Not all claims need to be present in all JWTs. For example, if the ROLE claim isn’t present in a JWT, any rule that relies on ROLE simply evaluates to false. As well as simplifying your JWTs (e.g. not all users need a role if it doesn’t make sense to do so), this means you can also simply disallow some queries and mutations. If you know that your JWTs never contain the claim DENIED, then a rule such as

type User @auth(
    delete: { rule:  "{$DENIED: { eq: \"DENIED\" } }"}
) { 
    ...
}

can never be true and this would prevent users ever being deleted.

and, or & not

Rules can be combined with the logical connectives and, or and not, so a permission can be a mixture of graph traversals and role based rules.

In the todo app, you can express, for example, that you can delete a Todo if you are the author, or are the site admin.

type Todo @auth(
    delete: { or: [ 
        { rule:  "query ($USER: String!) { ... }" }, # you are the author graph query
        { rule:  "{$ROLE: { eq: \"ADMIN\" } }" }
    ]}
)

Public Data

Many apps have data that can be accessed by anyone, logged in or not. That also works nicely with Dgraph auth rules.

For example, in Twitter, StackOverflow, etc. you can see authors and posts without being signed it - but you’d need to be signed in to add a post. With Dgraph auth rules, if a type doesn’t have, for example, a query auth rule or the auth rule doesn’t depend on a JWT value, then the data can be accessed without a signed JWT.

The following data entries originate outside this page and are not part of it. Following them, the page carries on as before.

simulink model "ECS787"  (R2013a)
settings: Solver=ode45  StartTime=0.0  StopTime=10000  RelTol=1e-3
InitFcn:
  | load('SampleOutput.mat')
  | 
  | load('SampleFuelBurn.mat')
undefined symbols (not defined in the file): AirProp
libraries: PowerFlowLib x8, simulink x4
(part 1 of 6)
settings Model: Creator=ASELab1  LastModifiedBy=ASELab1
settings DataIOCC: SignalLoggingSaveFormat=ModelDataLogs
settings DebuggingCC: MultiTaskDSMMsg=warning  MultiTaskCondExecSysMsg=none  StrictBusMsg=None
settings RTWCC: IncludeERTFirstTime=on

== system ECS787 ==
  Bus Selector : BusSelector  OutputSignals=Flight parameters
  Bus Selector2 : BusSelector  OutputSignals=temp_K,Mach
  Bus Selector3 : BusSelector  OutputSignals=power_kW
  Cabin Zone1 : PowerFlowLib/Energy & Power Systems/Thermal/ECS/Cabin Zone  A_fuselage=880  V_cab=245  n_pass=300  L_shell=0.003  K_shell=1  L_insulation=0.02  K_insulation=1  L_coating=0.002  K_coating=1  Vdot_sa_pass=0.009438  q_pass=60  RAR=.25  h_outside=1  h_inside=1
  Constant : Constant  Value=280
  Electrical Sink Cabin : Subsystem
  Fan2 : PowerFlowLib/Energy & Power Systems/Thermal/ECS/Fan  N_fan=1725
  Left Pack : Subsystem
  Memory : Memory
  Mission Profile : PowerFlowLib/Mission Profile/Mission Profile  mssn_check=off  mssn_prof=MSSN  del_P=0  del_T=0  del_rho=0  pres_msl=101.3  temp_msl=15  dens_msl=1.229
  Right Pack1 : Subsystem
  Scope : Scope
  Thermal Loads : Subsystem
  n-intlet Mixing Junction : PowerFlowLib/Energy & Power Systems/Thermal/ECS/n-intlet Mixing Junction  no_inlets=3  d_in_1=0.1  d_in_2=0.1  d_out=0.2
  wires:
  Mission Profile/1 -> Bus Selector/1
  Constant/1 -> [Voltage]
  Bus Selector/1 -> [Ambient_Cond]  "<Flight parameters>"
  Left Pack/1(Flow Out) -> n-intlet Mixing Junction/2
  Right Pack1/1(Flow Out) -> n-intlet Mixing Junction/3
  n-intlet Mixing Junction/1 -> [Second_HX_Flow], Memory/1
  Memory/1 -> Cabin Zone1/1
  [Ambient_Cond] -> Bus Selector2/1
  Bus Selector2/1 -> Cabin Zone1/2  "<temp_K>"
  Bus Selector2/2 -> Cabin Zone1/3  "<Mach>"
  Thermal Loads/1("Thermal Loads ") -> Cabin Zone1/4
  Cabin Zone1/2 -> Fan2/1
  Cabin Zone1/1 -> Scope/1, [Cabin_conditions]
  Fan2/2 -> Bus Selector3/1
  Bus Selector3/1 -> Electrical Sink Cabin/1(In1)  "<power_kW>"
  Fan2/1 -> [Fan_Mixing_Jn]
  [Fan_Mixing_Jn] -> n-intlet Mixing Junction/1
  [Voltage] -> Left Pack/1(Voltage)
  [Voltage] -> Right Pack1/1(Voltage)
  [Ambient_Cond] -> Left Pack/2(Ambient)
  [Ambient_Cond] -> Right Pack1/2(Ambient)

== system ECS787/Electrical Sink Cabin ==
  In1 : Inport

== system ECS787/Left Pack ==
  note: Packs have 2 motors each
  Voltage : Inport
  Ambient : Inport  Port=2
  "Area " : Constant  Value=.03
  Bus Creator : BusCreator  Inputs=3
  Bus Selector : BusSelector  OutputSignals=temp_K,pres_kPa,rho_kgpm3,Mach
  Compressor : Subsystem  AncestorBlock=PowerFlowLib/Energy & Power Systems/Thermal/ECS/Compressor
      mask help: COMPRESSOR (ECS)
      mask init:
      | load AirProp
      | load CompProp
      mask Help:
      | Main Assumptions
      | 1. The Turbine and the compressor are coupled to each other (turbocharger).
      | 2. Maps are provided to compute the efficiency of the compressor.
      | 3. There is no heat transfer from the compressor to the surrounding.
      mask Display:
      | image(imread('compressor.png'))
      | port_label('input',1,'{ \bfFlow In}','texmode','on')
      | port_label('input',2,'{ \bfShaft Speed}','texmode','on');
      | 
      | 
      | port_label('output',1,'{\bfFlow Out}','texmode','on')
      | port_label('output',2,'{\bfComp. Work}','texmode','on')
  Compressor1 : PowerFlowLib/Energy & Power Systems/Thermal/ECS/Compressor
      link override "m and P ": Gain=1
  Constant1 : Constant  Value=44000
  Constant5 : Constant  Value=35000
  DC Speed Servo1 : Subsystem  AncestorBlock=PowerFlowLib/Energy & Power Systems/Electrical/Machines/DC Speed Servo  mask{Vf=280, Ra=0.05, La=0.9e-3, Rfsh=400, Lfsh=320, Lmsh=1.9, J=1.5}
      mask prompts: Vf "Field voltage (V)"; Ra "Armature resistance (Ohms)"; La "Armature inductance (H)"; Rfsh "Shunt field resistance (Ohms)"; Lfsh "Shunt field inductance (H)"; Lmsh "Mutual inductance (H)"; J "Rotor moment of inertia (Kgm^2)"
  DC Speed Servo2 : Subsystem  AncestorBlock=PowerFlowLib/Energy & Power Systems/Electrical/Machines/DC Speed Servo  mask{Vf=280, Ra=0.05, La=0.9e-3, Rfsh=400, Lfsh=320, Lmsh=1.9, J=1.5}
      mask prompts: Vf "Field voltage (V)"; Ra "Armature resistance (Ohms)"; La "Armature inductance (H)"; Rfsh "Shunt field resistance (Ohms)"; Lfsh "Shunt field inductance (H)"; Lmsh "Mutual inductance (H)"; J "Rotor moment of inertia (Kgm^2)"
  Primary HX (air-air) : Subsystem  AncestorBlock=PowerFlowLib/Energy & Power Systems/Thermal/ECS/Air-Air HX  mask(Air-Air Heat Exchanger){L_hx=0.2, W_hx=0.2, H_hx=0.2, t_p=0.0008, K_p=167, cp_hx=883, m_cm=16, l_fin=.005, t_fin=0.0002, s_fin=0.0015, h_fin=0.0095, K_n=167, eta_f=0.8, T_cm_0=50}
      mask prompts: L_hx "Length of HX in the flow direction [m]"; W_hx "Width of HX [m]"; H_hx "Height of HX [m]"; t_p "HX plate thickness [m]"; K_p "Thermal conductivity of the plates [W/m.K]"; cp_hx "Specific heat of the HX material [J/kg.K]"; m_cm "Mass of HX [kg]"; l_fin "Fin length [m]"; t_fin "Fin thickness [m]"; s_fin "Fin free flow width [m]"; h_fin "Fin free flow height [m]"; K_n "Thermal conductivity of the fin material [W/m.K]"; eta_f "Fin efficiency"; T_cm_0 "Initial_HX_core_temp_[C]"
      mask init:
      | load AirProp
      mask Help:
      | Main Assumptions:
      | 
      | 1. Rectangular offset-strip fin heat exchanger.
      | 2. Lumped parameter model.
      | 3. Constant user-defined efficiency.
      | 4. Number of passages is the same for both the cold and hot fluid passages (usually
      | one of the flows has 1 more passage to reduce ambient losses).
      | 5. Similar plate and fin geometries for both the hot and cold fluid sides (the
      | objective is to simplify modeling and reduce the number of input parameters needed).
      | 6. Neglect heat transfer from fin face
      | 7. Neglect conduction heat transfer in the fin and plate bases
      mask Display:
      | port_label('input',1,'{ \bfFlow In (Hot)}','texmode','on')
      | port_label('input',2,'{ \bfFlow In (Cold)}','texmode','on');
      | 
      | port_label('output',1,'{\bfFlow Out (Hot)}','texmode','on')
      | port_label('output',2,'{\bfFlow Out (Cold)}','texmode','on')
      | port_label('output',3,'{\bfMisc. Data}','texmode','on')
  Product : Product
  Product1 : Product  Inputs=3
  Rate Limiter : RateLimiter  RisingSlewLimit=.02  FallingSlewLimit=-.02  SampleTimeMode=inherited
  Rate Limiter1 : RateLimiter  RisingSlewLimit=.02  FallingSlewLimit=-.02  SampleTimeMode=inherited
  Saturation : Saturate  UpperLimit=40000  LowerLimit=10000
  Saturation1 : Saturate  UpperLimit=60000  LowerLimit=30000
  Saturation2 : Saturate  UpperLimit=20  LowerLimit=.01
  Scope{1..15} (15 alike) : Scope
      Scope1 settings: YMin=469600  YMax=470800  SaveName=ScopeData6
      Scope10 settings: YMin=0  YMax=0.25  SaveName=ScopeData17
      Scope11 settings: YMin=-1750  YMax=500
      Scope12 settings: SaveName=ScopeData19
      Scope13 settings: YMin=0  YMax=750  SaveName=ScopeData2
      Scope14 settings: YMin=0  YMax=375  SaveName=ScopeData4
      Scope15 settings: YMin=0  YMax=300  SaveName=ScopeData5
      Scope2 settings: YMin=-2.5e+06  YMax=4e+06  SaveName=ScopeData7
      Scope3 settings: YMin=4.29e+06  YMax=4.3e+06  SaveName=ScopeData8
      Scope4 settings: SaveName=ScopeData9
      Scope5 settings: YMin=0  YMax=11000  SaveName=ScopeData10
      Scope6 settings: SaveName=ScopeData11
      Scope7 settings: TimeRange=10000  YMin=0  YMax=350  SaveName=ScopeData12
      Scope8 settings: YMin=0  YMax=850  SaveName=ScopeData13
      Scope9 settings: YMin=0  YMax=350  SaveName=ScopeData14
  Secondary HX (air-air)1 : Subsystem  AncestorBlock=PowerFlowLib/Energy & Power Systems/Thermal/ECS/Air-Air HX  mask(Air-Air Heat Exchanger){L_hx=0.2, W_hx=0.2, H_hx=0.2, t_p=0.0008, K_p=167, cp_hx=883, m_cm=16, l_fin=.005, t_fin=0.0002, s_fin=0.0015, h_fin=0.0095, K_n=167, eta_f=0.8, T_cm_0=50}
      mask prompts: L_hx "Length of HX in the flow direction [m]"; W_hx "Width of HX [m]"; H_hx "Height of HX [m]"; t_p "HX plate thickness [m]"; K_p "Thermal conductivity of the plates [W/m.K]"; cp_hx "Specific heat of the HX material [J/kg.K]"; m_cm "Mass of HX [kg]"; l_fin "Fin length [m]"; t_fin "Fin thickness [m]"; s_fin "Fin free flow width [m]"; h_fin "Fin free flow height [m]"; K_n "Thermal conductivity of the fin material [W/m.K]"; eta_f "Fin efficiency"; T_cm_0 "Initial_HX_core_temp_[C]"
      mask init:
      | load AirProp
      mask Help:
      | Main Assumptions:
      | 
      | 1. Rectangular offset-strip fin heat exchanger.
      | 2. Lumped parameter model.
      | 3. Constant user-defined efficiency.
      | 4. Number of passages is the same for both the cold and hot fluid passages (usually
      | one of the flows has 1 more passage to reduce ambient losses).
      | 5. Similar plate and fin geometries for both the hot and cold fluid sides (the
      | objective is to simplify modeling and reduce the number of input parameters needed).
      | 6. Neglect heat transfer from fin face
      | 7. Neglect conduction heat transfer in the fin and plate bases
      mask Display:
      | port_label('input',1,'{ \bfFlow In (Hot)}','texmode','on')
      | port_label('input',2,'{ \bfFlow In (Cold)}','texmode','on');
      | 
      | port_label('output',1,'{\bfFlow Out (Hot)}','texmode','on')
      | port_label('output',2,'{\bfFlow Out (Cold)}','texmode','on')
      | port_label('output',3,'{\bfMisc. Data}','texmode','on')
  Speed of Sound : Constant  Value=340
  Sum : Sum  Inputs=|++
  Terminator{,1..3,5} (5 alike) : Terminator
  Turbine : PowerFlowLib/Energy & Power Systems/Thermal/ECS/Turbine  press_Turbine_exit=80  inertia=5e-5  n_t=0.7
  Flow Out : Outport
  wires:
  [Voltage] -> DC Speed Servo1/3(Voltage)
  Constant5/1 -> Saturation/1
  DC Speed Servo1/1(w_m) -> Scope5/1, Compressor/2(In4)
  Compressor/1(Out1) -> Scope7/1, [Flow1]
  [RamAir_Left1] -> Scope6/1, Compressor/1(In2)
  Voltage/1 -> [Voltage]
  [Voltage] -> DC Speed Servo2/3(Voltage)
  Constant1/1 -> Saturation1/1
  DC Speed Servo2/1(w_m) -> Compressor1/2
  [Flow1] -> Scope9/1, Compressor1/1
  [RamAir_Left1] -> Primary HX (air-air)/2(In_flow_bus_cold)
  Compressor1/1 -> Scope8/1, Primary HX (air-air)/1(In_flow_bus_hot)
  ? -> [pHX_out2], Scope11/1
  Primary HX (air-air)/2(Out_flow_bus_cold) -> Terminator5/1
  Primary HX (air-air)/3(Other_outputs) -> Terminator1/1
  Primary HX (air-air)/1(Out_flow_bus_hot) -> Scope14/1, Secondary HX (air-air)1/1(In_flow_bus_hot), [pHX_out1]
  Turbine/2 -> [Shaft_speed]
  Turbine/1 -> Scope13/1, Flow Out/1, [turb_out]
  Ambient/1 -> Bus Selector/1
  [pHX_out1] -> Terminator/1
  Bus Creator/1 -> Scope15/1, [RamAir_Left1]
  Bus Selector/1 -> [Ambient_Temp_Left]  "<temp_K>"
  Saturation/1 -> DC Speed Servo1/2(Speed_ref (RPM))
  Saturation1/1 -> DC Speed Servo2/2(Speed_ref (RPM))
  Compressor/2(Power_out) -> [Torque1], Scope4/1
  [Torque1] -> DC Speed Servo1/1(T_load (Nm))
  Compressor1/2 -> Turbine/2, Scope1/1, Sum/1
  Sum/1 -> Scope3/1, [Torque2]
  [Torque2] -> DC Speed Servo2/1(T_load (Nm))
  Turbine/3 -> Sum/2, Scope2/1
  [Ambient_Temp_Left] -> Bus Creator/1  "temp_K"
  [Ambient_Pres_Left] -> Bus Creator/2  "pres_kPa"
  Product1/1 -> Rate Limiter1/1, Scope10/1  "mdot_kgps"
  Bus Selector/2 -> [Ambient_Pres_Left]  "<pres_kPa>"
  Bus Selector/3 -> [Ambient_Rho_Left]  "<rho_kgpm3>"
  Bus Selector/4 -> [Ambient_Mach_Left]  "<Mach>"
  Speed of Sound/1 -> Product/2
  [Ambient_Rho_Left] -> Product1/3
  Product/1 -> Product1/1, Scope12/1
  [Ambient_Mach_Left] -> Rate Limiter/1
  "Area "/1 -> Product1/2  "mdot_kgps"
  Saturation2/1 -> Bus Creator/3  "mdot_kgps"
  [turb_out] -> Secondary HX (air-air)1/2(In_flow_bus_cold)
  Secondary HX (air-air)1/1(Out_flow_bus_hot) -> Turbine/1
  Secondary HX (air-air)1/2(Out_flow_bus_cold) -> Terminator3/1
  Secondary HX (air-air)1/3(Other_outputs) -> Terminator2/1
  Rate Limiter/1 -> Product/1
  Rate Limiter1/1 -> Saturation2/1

For example, the todo app might allow anyone, logged in or not, to view any author, but not make any mutations unless logged in as the author or an admin. That would be achieved by rules like the following.

type User @auth(
    # no query rule
    add: { rule:  "{$ROLE: { eq: \"ADMIN\" } }" },
    update: ...
    delete: ...
) {
    username: String! @id
    todos: [Todo]
}

Maybe some todos can be marked as public and users you aren’t logged in can see those.

type Todo @auth(
    query: { or: [
        # you are the author 
        { rule: ... },
        # or, the todo is marked as public
        { rule: """query { 
            queryTodo(filter: { isPublic: { eq: true } } ) { 
                id 
            } 
        }"""}
    ]}
) { 
    ...
    isPublic: Boolean
}

Because the rule doesn’t depend on a JWT value, it can be successfully evaluated for users who aren’t logged in.

Ensuring that requests are from an authenticated JWT, and no further restrictions, can be done by arranging the JWT to contain a value like "isAuthenticated": "true". For example,

type User @auth(
    query: { rule:  "{$isAuthenticated: { eq: \"true\" } }" },
) {
    username: String! @id
    todos: [Todo]
}

specifies that only authenticated users can query other users.